First of two parts

Writing on Dr. José Rizal is always fraught with complications (and danger). A hundred-million strong souls are riding the coattails of his cult, never mind the billion more lives he had touched all over the globe. Dare to veer off the bromidic path, and you find your face splattered with egg for every perceived miscue. Most of these later adulations (and worship) are for form’s sake though, after all how many among the Ragnarok-addled youth of today could endure a chapter or two of the Noli or the Fili? Yet in 1999 while castrated in his prison cell, Malaysia’s Anwar Ibrahim read the twin tome twice over. Given the short fuse of today’s youth, let us bleed out an as yet unexplored dimension of Rizal’s brief but productive life, if only to sidestep the monotony of the narratives proffered like recycled Christmas décor unrolled from last year’s hoard whenever his death anniversary comes along.

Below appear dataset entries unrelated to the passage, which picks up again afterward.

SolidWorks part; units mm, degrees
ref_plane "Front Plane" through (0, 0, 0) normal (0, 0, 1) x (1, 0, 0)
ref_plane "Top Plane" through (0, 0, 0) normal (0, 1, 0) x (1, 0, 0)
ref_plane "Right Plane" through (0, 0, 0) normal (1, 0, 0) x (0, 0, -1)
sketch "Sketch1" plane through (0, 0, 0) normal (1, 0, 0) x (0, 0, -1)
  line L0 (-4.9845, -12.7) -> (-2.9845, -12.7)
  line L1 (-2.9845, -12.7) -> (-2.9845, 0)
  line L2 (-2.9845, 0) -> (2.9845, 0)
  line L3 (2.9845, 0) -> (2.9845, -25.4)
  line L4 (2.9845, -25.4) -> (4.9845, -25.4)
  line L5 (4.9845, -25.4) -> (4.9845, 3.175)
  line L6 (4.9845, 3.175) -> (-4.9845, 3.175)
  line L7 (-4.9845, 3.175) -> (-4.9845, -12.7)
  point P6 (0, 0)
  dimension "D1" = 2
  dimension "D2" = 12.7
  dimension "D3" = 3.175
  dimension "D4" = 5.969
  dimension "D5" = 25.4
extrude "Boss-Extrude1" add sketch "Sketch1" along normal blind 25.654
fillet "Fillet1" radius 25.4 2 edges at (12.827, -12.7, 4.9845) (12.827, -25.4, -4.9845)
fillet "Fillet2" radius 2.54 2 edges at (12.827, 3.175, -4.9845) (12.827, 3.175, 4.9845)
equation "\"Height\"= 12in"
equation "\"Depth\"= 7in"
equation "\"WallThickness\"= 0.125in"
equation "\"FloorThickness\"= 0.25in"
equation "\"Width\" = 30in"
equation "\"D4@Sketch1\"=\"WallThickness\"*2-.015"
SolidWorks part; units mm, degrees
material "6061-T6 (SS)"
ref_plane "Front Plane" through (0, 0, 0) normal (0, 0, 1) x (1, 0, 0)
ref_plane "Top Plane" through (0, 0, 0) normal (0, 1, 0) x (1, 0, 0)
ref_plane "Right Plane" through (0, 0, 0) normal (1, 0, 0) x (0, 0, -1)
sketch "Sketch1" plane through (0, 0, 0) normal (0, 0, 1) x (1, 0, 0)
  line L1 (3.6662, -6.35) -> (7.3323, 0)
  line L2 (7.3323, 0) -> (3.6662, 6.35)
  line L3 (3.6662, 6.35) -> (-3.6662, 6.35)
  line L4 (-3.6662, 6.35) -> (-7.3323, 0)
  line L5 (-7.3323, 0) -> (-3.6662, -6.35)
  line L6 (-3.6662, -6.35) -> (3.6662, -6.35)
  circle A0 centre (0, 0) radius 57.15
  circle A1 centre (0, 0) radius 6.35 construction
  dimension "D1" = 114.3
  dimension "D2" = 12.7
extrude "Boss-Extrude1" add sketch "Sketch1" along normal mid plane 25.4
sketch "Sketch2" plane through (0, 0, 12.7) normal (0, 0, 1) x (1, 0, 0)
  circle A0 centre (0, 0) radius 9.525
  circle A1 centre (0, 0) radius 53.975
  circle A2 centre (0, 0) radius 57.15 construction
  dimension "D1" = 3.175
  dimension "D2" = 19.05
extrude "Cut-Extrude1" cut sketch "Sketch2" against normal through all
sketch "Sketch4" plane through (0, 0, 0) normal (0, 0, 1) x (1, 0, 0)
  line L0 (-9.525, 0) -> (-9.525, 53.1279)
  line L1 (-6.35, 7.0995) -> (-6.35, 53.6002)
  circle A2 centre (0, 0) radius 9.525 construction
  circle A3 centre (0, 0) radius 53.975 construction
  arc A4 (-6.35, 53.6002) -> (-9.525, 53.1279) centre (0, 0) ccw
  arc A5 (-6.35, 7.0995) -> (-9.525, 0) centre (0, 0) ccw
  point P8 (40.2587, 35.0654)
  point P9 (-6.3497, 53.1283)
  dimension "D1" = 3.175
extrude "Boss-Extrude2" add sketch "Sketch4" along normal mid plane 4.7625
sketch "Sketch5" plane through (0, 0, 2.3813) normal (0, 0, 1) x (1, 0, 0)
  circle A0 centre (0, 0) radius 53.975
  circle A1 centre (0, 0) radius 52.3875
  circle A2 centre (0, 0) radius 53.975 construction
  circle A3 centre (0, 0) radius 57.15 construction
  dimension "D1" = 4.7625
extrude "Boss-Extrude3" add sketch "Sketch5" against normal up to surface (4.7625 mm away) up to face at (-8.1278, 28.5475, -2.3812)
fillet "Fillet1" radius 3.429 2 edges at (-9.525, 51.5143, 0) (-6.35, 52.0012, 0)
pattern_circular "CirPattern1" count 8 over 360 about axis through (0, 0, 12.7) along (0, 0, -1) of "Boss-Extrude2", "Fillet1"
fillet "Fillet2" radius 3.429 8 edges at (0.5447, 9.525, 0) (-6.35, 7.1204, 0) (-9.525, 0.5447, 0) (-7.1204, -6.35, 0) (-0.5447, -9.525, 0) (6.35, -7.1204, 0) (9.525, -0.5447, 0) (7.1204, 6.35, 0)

So what had the good doctor said on anything, anything at all—about the Moro? Right, google all you can till you drop, and what do you get? Nada? If you dug one, you won’t be the first. Chances are, Rizal aficionados, the likes of Ambeth Ocampo, would already have jumped on the opportunity mining it 24/7 without let for what it’s worth.

The trouble with Rizal was that he was trying to accomplish so many things at the same time that he was so spread thin all over the place. Such was the bane and boon of his genius. After some soul-searching, when he finally realized that he was about to be executed, in a last ditch to save his skin, in a defense addressed to the Court Martial on the charges of sedition foisted on him, he stated: “…If I still had had intentions of political activity, I might have gotten away even in the vintas of the Moros whom I knew in the settlements…”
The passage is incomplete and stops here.